● **TASK TO CARRY OUT**
Only one stretch of the data below should be repeated: the lines from the line containing "13.1 | Player" through the line containing "15.1 | Code", inclusive, exactly as they are.

● **INFORMATION SUPPLIED**
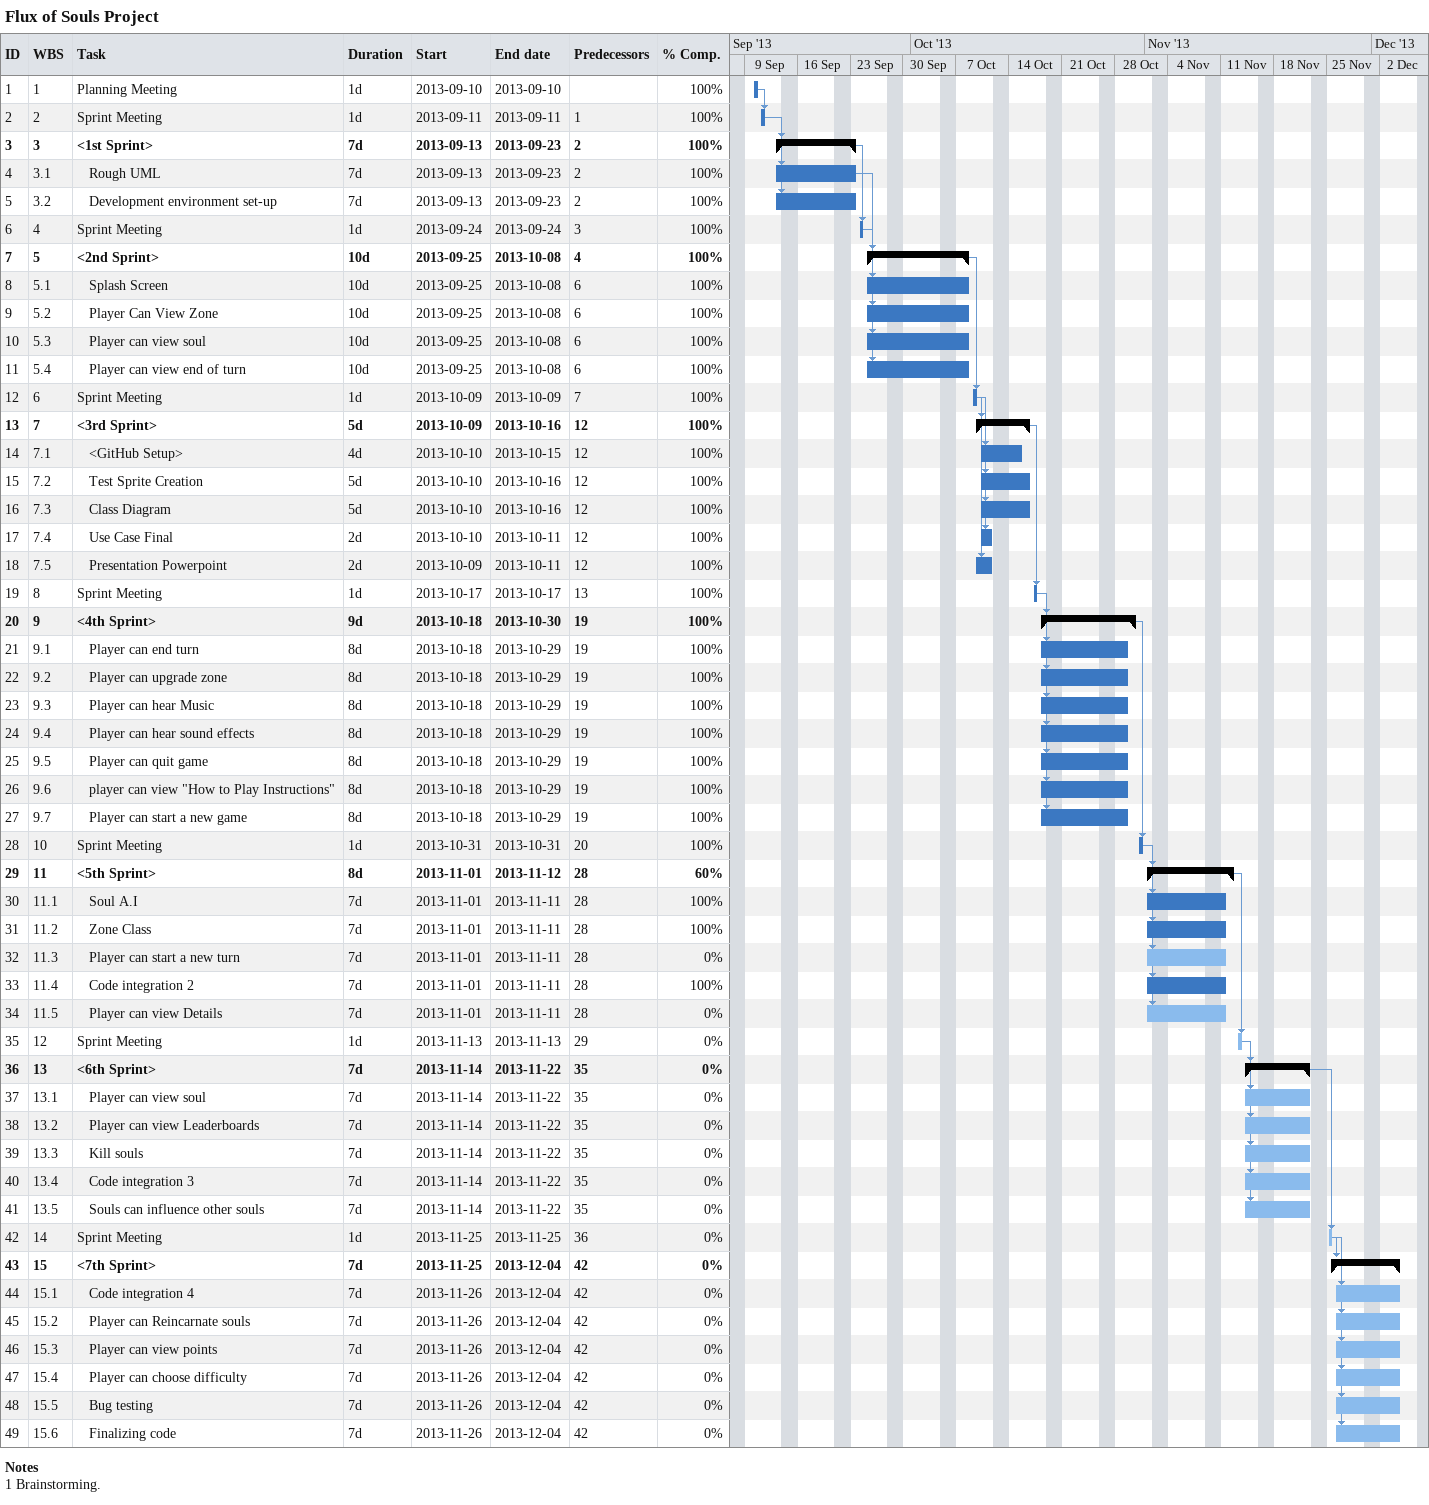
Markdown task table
Flux of Souls Project

| ID | WBS | Task | Duration | Start | Finish | Predecessors | % complete |
|---|---|---|---|---|---|---|---|
| 1 | 1 | Planning Meeting | 1d | 2013-09-10 | 2013-09-10 |  | 100 |
| 2 | 2 | Sprint Meeting | 1d | 2013-09-11 | 2013-09-11 | 1 | 100 |
| 3 | 3 | **<1st Sprint>** | 7d | 2013-09-13 | 2013-09-23 | 2 | 100 |
| 4 | 3.1 | Rough UML | 7d | 2013-09-13 | 2013-09-23 | 2 | 100 |
| 5 | 3.2 | Development environment set-up | 7d | 2013-09-13 | 2013-09-23 | 2 | 100 |
| 6 | 4 | Sprint Meeting | 1d | 2013-09-24 | 2013-09-24 | 3 | 100 |
| 7 | 5 | **<2nd Sprint>** | 10d | 2013-09-25 | 2013-10-08 | 4 | 100 |
| 8 | 5.1 | Splash Screen | 10d | 2013-09-25 | 2013-10-08 | 6 | 100 |
| 9 | 5.2 | Player Can View Zone | 10d | 2013-09-25 | 2013-10-08 | 6 | 100 |
| 10 | 5.3 | Player can view soul | 10d | 2013-09-25 | 2013-10-08 | 6 | 100 |
| 11 | 5.4 | Player can view end of turn | 10d | 2013-09-25 | 2013-10-08 | 6 | 100 |
| 12 | 6 | Sprint Meeting | 1d | 2013-10-09 | 2013-10-09 | 7 | 100 |
| 13 | 7 | **<3rd Sprint>** | 5d | 2013-10-09 | 2013-10-16 | 12 | 100 |
| 14 | 7.1 | <GitHub Setup> | 4d | 2013-10-10 | 2013-10-15 | 12 | 100 |
| 15 | 7.2 | Test Sprite Creation | 5d | 2013-10-10 | 2013-10-16 | 12 | 100 |
| 16 | 7.3 | Class Diagram | 5d | 2013-10-10 | 2013-10-16 | 12 | 100 |
| 17 | 7.4 | Use Case Final | 2d | 2013-10-10 | 2013-10-11 | 12 | 100 |
| 18 | 7.5 | Presentation Powerpoint | 2d | 2013-10-09 | 2013-10-11 | 12 | 100 |
| 19 | 8 | Sprint Meeting | 1d | 2013-10-17 | 2013-10-17 | 13 | 100 |
| 20 | 9 | **<4th Sprint>** | 9d | 2013-10-18 | 2013-10-30 | 19 | 100 |
| 21 | 9.1 | Player can end turn | 8d | 2013-10-18 | 2013-10-29 | 19 | 100 |
| 22 | 9.2 | Player can upgrade zone | 8d | 2013-10-18 | 2013-10-29 | 19 | 100 |
| 23 | 9.3 | Player can hear Music | 8d | 2013-10-18 | 2013-10-29 | 19 | 100 |
| 24 | 9.4 | Player can hear sound effects | 8d | 2013-10-18 | 2013-10-29 | 19 | 100 |
| 25 | 9.5 | Player can quit game | 8d | 2013-10-18 | 2013-10-29 | 19 | 100 |
| 26 | 9.6 | player can view "How to Play Instructions" | 8d | 2013-10-18 | 2013-10-29 | 19 | 100 |
| 27 | 9.7 | Player can start a new game | 8d | 2013-10-18 | 2013-10-29 | 19 | 100 |
| 28 | 10 | Sprint Meeting | 1d | 2013-10-31 | 2013-10-31 | 20 | 100 |
| 29 | 11 | **<5th Sprint>** | 8d | 2013-11-01 | 2013-11-12 | 28 | 60 |
| 30 | 11.1 | Soul A.I | 7d | 2013-11-01 | 2013-11-11 | 28 | 100 |
| 31 | 11.2 | Zone Class | 7d | 2013-11-01 | 2013-11-11 | 28 | 100 |
| 32 | 11.3 | Player can start a new turn | 7d | 2013-11-01 | 2013-11-11 | 28 | 0 |
| 33 | 11.4 | Code integration 2 | 7d | 2013-11-01 | 2013-11-11 | 28 | 100 |
| 34 | 11.5 | Player can view Details | 7d | 2013-11-01 | 2013-11-11 | 28 | 0 |
| 35 | 12 | Sprint Meeting | 1d | 2013-11-13 | 2013-11-13 | 29 | 0 |
| 36 | 13 | **<6th Sprint>** | 7d | 2013-11-14 | 2013-11-22 | 35 | 0 |
| 37 | 13.1 | Player can view soul | 7d | 2013-11-14 | 2013-11-22 | 35 | 0 |
| 38 | 13.2 | Player can view Leaderboards | 7d | 2013-11-14 | 2013-11-22 | 35 | 0 |
| 39 | 13.3 | Kill souls | 7d | 2013-11-14 | 2013-11-22 | 35 | 0 |
| 40 | 13.4 | Code integration 3 | 7d | 2013-11-14 | 2013-11-22 | 35 | 0 |
| 41 | 13.5 | Souls can influence other souls | 7d | 2013-11-14 | 2013-11-22 | 35 | 0 |
| 42 | 14 | Sprint Meeting | 1d | 2013-11-25 | 2013-11-25 | 36 | 0 |
| 43 | 15 | **<7th Sprint>** | 7d | 2013-11-25 | 2013-12-04 | 42 | 0 |
| 44 | 15.1 | Code integration 4 | 7d | 2013-11-26 | 2013-12-04 | 42 | 0 |
| 45 | 15.2 | Player can Reincarnate souls | 7d | 2013-11-26 | 2013-12-04 | 42 | 0 |
| 46 | 15.3 | Player can view points | 7d | 2013-11-26 | 2013-12-04 | 42 | 0 |
| 47 | 15.4 | Player can choose difficulty | 7d | 2013-11-26 | 2013-12-04 | 42 | 0 |
| 48 | 15.5 | Bug testing | 7d | 2013-11-26 | 2013-12-04 | 42 | 0 |
| 49 | 15.6 | Finalizing code | 7d | 2013-11-26 | 2013-12-04 | 42 | 0 |

Notes
- 1: Brainstorming.

● **WRITTEN SOLUTION**
| 37 | 13.1 | Player can view soul | 7d | 2013-11-14 | 2013-11-22 | 35 | 0 |
| 38 | 13.2 | Player can view Leaderboards | 7d | 2013-11-14 | 2013-11-22 | 35 | 0 |
| 39 | 13.3 | Kill souls | 7d | 2013-11-14 | 2013-11-22 | 35 | 0 |
| 40 | 13.4 | Code integration 3 | 7d | 2013-11-14 | 2013-11-22 | 35 | 0 |
| 41 | 13.5 | Souls can influence other souls | 7d | 2013-11-14 | 2013-11-22 | 35 | 0 |
| 42 | 14 | Sprint Meeting | 1d | 2013-11-25 | 2013-11-25 | 36 | 0 |
| 43 | 15 | **<7th Sprint>** | 7d | 2013-11-25 | 2013-12-04 | 42 | 0 |
| 44 | 15.1 | Code integration 4 | 7d | 2013-11-26 | 2013-12-04 | 42 | 0 |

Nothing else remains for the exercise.